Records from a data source
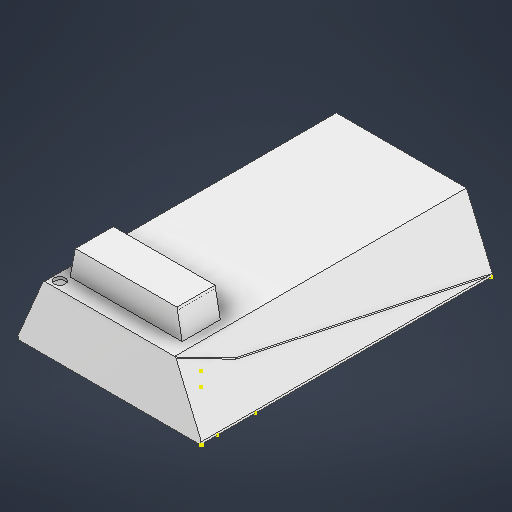
# Autodesk Inventor part: Cover
Saved by Autodesk Inventor 2027 (Build 310192060, 192F)
## iProperties
Created: 2026-06-05
Part Number: Cover
Material: ABS Plastic
Document SubType Name: Modeling
Designer: CatKartikSUPREMEPC
Density: 1.06 g/cm^3
Appearance: Smooth - White
Author: CatKartikSUPREMEPC
Autodesk Inventor part; units mm, degrees
ref_plane "YZ Plane" through (0, 0, 0) normal (1, 0, 0) x (0, 1, 0)
ref_plane "XZ Plane" through (0, 0, 0) normal (0, 1, 0) x (-1, 0, 0)
ref_plane "XY Plane" through (0, 0, 0) normal (0, 0, 1) x (1, 0, 0)
sketch "Sketch1" plane through (0, 0, 0) normal (0, 1, 0) x (-1, 0, 0)
  line L0 (0, 0) -> (200, 0)
  line L1 (200, 0) -> (200, -320)
  line L2 (200, -320) -> (0, -320)
  line L3 (0, -320) -> (0, 0)
  dimension "d0" = 200
  dimension "d1" = 320
  constraints: 8 end point, 2 parallel, 1 horizontal, 1 perpendicular
  measures "d0" distance of L1.end L2.end
  measures "d1" distance of L0.end L1.end
extrude "Extrusion1" add sketch "Sketch1" along normal blind 70
sketch "Sketch2" plane through (-200, 0, 0) normal (0, 0, 1) x (1, 0, 0)
  line L0 (0, 0) -> (0, 70) projected
  line L1 (0, 3) -> (28.4398, 70)
  line L2 (200, 70) -> (0, 70) projected
  line L3 (28.4398, 70) -> (0, 70)
  line L4 (0, 70) -> (0, 3)
  line L5 (0, 0) -> (200, 0) projected
  line L6 (100, 70) -> (100, 0) construction
  line L7 (200, 0) -> (200, 70) projected
  line L8 (200, 3) -> (171.5602, 70)
  line L9 (171.5602, 70) -> (200, 70)
  line L10 (200, 70) -> (200, 3)
  dimension "d4" = 3
  dimension "d5" = 67
  dimension "d6" = 67
  constraints: 14 end point, 4 point on line, 3 collinear, 2 midpoint, 1 perpendicular
  measures "d4" distance of L0.start L1.start
  measures "d5" angle of L5 L1
  measures "d6" angle of L5 L8
extrude "Extrusion2" cut sketch "Sketch2" against normal blind 320 contours L0 L2 L1 | L8 L2 L7
sketch "Sketch3" plane through (0, 0, 0) normal (0, -1, 0) x (1, 0, 0)
  point P0 (0, 0)
shell "Shell1" thickness 15 removed faces 1 at (-66.6667, 0, -106.6667)
sketch "Sketch4" plane through (0, 0, 0) normal (0, -1, 0) x (1, 0, 0)
  circle A0 centre (-7.8764, -158.7609) radius 6
  circle A1 centre (-7.8764, -6.7609) radius 6
  circle A2 centre (-7.8764, -310.7609) radius 6
  circle A3 centre (-192.1236, -158.7609) radius 6
  circle A4 centre (-192.1236, -6.7609) radius 6
  circle A5 centre (-192.1236, -310.7609) radius 6
  point P0 (0, 0)
  dimension "d10" = 12
  dimension "d11" = 12
  dimension "d12" = 152
  dimension "d13" = 12
  dimension "d14" = 152
  constraints: 6 centre point
  measures "d10" diameter of A0
  measures "d11" diameter of A1
  measures "d12" distance of A0.centre A1.centre
  measures "d13" diameter of A2
  measures "d14" distance of A2.centre A0.centre
extrude "Extrusion3" cut sketch "Sketch4" against normal blind 3
sketch "Sketch5" plane through (0, 70, 0) normal (0, 1, 0) x (1, 0, 0)
  point P0 (0, 0)
sketch "Sketch6" plane through (-161.6319, 55, -15) normal (0, -1, 0) x (1, 0, 0)
  point P0 (161.6319, 15)
sketch "Sketch7" plane through (-161.6319, 55, -15) normal (0, -1, 0) x (1, 0, 0)
  line L0 (0, -290) -> (0, 0) projected
  line L1 (123.2638, 0) -> (123.2638, -290) projected
  line L2 (0, -3.1892) -> (123.2638, -3.1892)
  line L3 (123.2638, -3.1892) -> (123.2638, -45.0875)
  line L4 (123.2638, -45.0875) -> (0, -45.0875)
  line L5 (0, -45.0875) -> (0, -3.1892)
  point P0 (161.6319, 15)
  constraints: 8 end point, 2 parallel, 2 point on line, 1 horizontal, 1 perpendicular
extrude "Extrusion4" cut sketch "Sketch7" against normal blind 15
sketch "Sketch13" plane through (0, 70, 0) normal (0, 1, 0) x (1, 0, 0)
  line L0 (-38.3681, 18.1892) -> (-38.3681, 60.0875) projected
  line L1 (-161.6319, 60.0875) -> (-38.3681, 60.0875) projected
  line L2 (-38.3681, 18.1892) -> (-161.6319, 18.1892)
  line L3 (-161.6319, 18.1892) -> (-161.6319, 60.0875)
  line L4 (-161.6319, 60.0875) -> (-38.3681, 60.0875)
  line L5 (-38.3681, 60.0875) -> (-38.3681, 18.1892)
  point P0 (0, 0)
  constraints: 8 end point, 2 parallel, 1 horizontal, 1 perpendicular
extrude "Extrusion7" add sketch "Sketch13" along normal blind 30
sketch "Sketch14" plane through (-161.6319, 70, -18.1892) normal (0, 0, 1) x (1, 0, 0)
  line L0 (0, 30) -> (123.2638, 30) projected
  line L1 (0, 0) -> (0, 30) projected
  line L2 (0, 30) -> (0, 0)
  line L3 (0, 0) -> (5.7383, 30)
  line L4 (5.7383, 30) -> (0, 30)
  line L5 (61.6319, 35.977) -> (61.6319, -1.3966) construction
  line L6 (123.2638, 30) -> (0, 30)
  line L7 (123.2638, 0) -> (123.2638, 30)
  line L8 (123.2638, 0) -> (117.5255, 30)
  point P0 (161.6319, -70)
  constraints: 14 end point, 4 symmetric about line, 2 point on line, 1 collinear, 1 perpendicular, 1 vertical
extrude "Extrusion8" cut sketch "Sketch14" against normal blind 45
sketch "Sketch15" plane through (0, 70, 0) normal (0, -1, 0) x (1, 0, 0)
  line L0 (-38.3681, -60.0875) -> (-38.3681, -18.1892) projected
  line L1 (-38.3681, -60.0875) -> (-161.2693, -60.0875)
  line L2 (-161.2693, -60.0875) -> (-161.2693, -18.1892)
  line L3 (-161.2693, -18.1892) -> (-38.3681, -18.1892)
  line L4 (-38.3681, -18.1892) -> (-38.3681, -60.0875)
  point P0 (0, 0)
  constraints: 8 end point, 2 parallel, 1 horizontal, 1 perpendicular
extrude "Extrusion9" add sketch "Sketch15" along normal blind 15
sketch "Sketch16" plane through (-161.6319, 55, -305) normal (0, -1, 0) x (1, 0, 0)
  line L0 (123.2638, 244.9125) -> (123.2638, 286.8108) projected
  line L1 (123.2638, 244.9125) -> (0.3626, 244.9125)
  line L2 (0.3626, 244.9125) -> (0.3626, 286.8108)
  line L3 (0.3626, 286.8108) -> (123.2638, 286.8108)
  line L4 (123.2638, 286.8108) -> (123.2638, 244.9125)
  point P0 (161.6319, 305)
  constraints: 8 end point, 2 parallel, 1 horizontal, 1 perpendicular
sketch "Sketch17" plane through (0, 100, 0) normal (0, 1, 0) x (1, 0, 0)
  line L0 (-44.1064, 18.1892) -> (-44.1064, 60.0875) projected
  line L1 (-155.8936, 58.8761) -> (-44.1064, 58.8761)
  line L2 (-44.1064, 58.8761) -> (-44.1064, 20.4786)
  line L3 (-44.1064, 20.4786) -> (-155.8936, 20.4786)
  line L4 (-155.8936, 20.4786) -> (-155.8936, 58.8761)
  point P0 (0, 0)
  constraints: 8 end point, 2 parallel, 1 horizontal, 1 perpendicular, 1 point on line
extrude "Extrusion10" cut sketch "Sketch17" against normal blind 100
sketch "Sketch19" plane through (0, 100, 0) normal (0, 1, 0) x (1, 0, 0)
  line L0 (-38.3681, 18.1892) -> (-161.2693, 18.1892) projected
  line L1 (-155.8798, 18.1892) -> (-155.8798, 60.053)
  line L2 (-155.8798, 60.053) -> (-44.1064, 60.053)
  line L3 (-155.8936, 20.4786) -> (-44.1064, 20.4786) projected
  line L4 (-44.1064, 60.053) -> (-44.1064, 20.4786)
  line L5 (-44.1064, 18.1892) -> (-155.8798, 18.1892)
  line L6 (-155.8798, 18.1892) -> (-44.1064, 18.1892)
  line L7 (-44.1064, 18.1892) -> (-44.1064, 60.053)
  point P0 (0, 0)
  point P1 (-155.8798, 20.4786)
  constraints: 12 end point, 3 collinear, 2 perpendicular, 2 point on line, 1 vertical
extrude "Extrusion11" add sketch "Sketch19" against normal blind 3 contours L3 L1 L2 L4
sketch "Sketch23" plane through (-200, 0, 0) normal (0, 0, 1) x (1, 0, 0)
  point P0 (200, 0)
sketch "Sketch25" plane through (-155.8936, 100, -18.1892) normal (0, 0, 1) x (1, 0, 0)
  point P0 (155.8936, -100)
sketch "Sketch28" plane through (-200, 0, 0) normal (0, 0, 1) x (1, 0, 0)
  point P0 (200, 0)
sketch "Sketch30" plane through (0, 0, -320) normal (0, 0, -1) x (-1, 0, 0)
  point P0 (0, 0)
sketch "Sketch31" plane through (0, 0, -320) normal (0, 0, -1) x (-1, 0, 0)
  line L0 (12.5074, 0) -> (35.9715, 61.1475)
  line L1 (35.9715, 61.1475) -> (167.3161, 61.1475)
  line L2 (167.3161, 61.1475) -> (193.8361, -0.2095)
  line L3 (193.8361, -0.2095) -> (199.9941, -0.2095)
  line L4 (198.1236, 3) -> (186.1236, 3) projected
  line L5 (199.9941, -0.2095) -> (199.9941, 3.014)
  line L6 (171.5602, 70) -> (200, 3) projected
  line L7 (199.9941, 3.014) -> (171.5602, 70)
  line L8 (171.5602, 70) -> (28.4398, 70)
  line L9 (28.4398, 70) -> (0, 3) projected
  line L10 (28.4398, 70) -> (0, 3)
  line L11 (0, 3) -> (0, 0)
  line L12 (0, 0) -> (12.5074, 0)
  constraints: 20 end point, 4 perpendicular, 2 collinear, 1 horizontal, 1 parallel
extrude "Extrusion18" add sketch "Sketch31" along normal blind 1
sketch "Sketch32" plane through (-12.5074, 0, -320) normal (0, 0, -1) x (-1, 0, 0)
  line L0 (159.0528, 70) -> (15.9324, 70) projected
  line L1 (87.4926, 70) -> (87.4926, -1.0607) construction
  line L2 (15.9324, 70) -> (-12.5074, 3) projected
  line L3 (-0.6877, 30.8454) -> (180.5483, 30.8454) construction
  line L4 (67.4926, 20.8454) -> (107.4926, 20.8454)
  line L5 (112.4926, 25.8454) -> (112.4926, 35.8454)
  line L6 (107.4926, 40.8454) -> (67.4926, 40.8454)
  line L7 (62.4926, 35.8454) -> (62.4926, 25.8454)
  line L8 (62.4926, 20.8454) -> (112.4926, 40.8454) construction
  line L9 (112.4926, 20.8454) -> (62.4926, 40.8454) construction
  arc A0 (67.4926, 40.8454) -> (62.4926, 35.8454) centre (67.4926, 35.8454) ccw
  arc A1 (112.4926, 35.8454) -> (107.4926, 40.8454) centre (107.4926, 35.8454) ccw
  arc A2 (107.4926, 20.8454) -> (112.4926, 25.8454) centre (107.4926, 25.8454) ccw
  arc A3 (62.4926, 25.8454) -> (67.4926, 20.8454) centre (67.4926, 25.8454) ccw
  point P0 (-12.5074, 0)
  point P1 (87.4926, 30.8454)
  dimension "d63" = 50
  dimension "d64" = 20
  dimension "d65" = 5
  constraints: 16 end point, 11 point on line, 8 point on circle, 8 tangent, 4 centre point, 3 equal radius, 3 midpoint, 2 horizontal, 2 parallel, 1 perpendicular, 1 vertical
  measures "d63" distance of L9.end L8.end
  measures "d64" distance of L8.end L9.start
  measures "d65" radius of A0
extrude "Extrusion19" cut sketch "Sketch32" against normal blind 30
sketch "Sketch33" plane through (-44.1064, 100, -60.0875) normal (0, 0, -1) x (-1, 0, 0)
  point P0 (-44.1064, -100)
sketch "Sketch34" plane through (-44.1064, 100, -60.0875) normal (0, 0, -1) x (-1, 0, 0)
  line L0 (0, 0) -> (111.7873, 0) projected
  line L1 (55.8936, 0) -> (55.8936, -29.6783) construction
  line L2 (-5.7383, -30) -> (0, 0) projected
  line L3 (111.7873, 0) -> (117.5255, -30) projected
  line L4 (85.8936, -25) -> (25.8936, -25)
  line L5 (20.8936, -20) -> (20.8936, -10)
  line L6 (25.8936, -5) -> (85.8936, -5)
  line L7 (90.8936, -10) -> (90.8936, -20)
  line L8 (90.8936, -25) -> (20.8936, -5) construction
  line L9 (20.8936, -25) -> (90.8936, -5) construction
  arc A0 (25.8936, -5) -> (20.8936, -10) centre (25.8936, -10) ccw
  arc A1 (20.8936, -20) -> (25.8936, -25) centre (25.8936, -20) ccw
  arc A2 (85.8936, -25) -> (90.8936, -20) centre (85.8936, -20) ccw
  arc A3 (90.8936, -10) -> (85.8936, -5) centre (85.8936, -10) ccw
  point P0 (-44.1064, -100)
  point P1 (55.8936, -15)
  dimension "d68" = 70
  dimension "d69" = 20
  dimension "d71" = 5
  constraints: 14 end point, 8 point on circle, 8 point on line, 8 tangent, 4 centre point, 3 equal radius, 3 midpoint, 2 parallel, 1 horizontal, 1 perpendicular, 1 vertical
  measures "d68" distance of L8.end L9.end
  measures "d69" distance of L9.start L8.end
  measures "d71" radius of A0
extrude "Extrusion20" cut sketch "Sketch34" against normal blind 15
sketch "Sketch35" plane through (0, 3, 0) normal (0.9205049, 0.3907311, 0) x (0, 0, -1)
  line L0 (320.0001, 0) -> (56.0365, 46.4507)
  line L1 (56.0365, 46.4507) -> (0, 72.3071)
  line L2 (0, 0) -> (0, 72.7861) projected
  line L3 (0, 72.3071) -> (0, 0)
  line L4 (0, 0) -> (320.0001, 0)
  point P0 (0, -2.7615)
  constraints: 8 end point, 1 collinear, 1 perpendicular
extrude "Extrusion21" add sketch "Sketch35" along normal blind 1
fillet "Fillet1" radius 1 1 edges at (-8.1544, 24.7698, -188.0183)
fillet "Fillet2" radius 1 1 edges at (-22.2807, 58.0493, -28.0182)
sketch "Sketch36" plane through (-200, 3, -320) normal (-0.9205049, 0.3907311, 0) x (0, 0, 1)
  line L0 (0, 0) -> (241.9811, 47.0174)
  line L1 (320, 72.7861) -> (320, 0) projected
  line L2 (241.9811, 47.0174) -> (320, 72.7861)
  line L3 (320, 72.7861) -> (320, 0)
  line L4 (-0.0001, 78.1462) -> (320, 78.1462) projected
  line L5 (320, 0) -> (0, 0)
  line L6 (0, -2.7615) -> (320, -2.7615) projected
  point P0 (320, 75.3847)
  constraints: 8 end point, 1 parallel, 1 perpendicular
extrude "Extrusion22" add sketch "Sketch36" along normal blind 1
fillet "Fillet3" radius 1 1 edges at (-177.515, 58.5306, -39.0095)
fillet "Fillet4" radius 1 1 edges at (-191.7349, 25.0306, -199.0095)
sketch "Sketch37" plane through (0, 70, 0) normal (0, 1, 0) x (1, 0, 0)
  circle A0 centre (-163.4398, 8.7457) radius 6
  line L0 (-28.4398, 0) -> (-28.4398, 321) projected
  point P0 (0, 0)
  dimension "d82" = 12
  dimension "d83" = 135
  constraints: 1 centre point
  measures "d82" diameter of A0
  measures "d83" distance from line of L0 A0.centre
extrude "Extrusion23" cut sketch "Sketch37" against normal blind 3
sketch "Sketch38" plane through (-12.5074, 0, -320) normal (0, 0, -1) x (-1, 0, 0)
  line L0 (35.9851, 20.8454) -> (54.1159, 40.8454)
  line L1 (54.1159, 40.8454) -> (35.9851, 40.8454)
  line L2 (35.9851, 40.8454) -> (35.9851, 20.8454)
  line L3 (23.4641, 61.1475) -> (154.8087, 61.1475) projected
  line L4 (89.1364, 61.1475) -> (89.1364, -1.7267) construction
  line L5 (142.2876, 20.8454) -> (124.1569, 40.8454)
  line L6 (124.1569, 40.8454) -> (142.2876, 40.8454)
  line L7 (142.2876, 40.8454) -> (142.2876, 20.8454)
  point P0 (-12.5074, 0)
  constraints: 14 end point, 3 symmetric about line, 1 horizontal, 1 midpoint, 1 perpendicular, 1 vertical
extrude "Extrusion24" cut sketch "Sketch38" against normal blind 20
sketch "Sketch39" plane through (0.9205, 3.3907, 0) normal (0.9205049, 0.3907311, 0) x (0, 0, -1)
  point P0 (0, -2.7615)
sketch "Sketch40" plane through (-28.4398, 70, 0) normal (0.9205049, 0.3907311, 0) x (0, 0, -1)
  point P0 (0, -75.5477)
body "Solid1"

### Work instructions
Your answer should consist of the lines above that hold the word "Autodesk", copied exactly.

### Result
# Autodesk Inventor part: Cover
Saved by Autodesk Inventor 2027 (Build 310192060, 192F)
Autodesk Inventor part; units mm, degrees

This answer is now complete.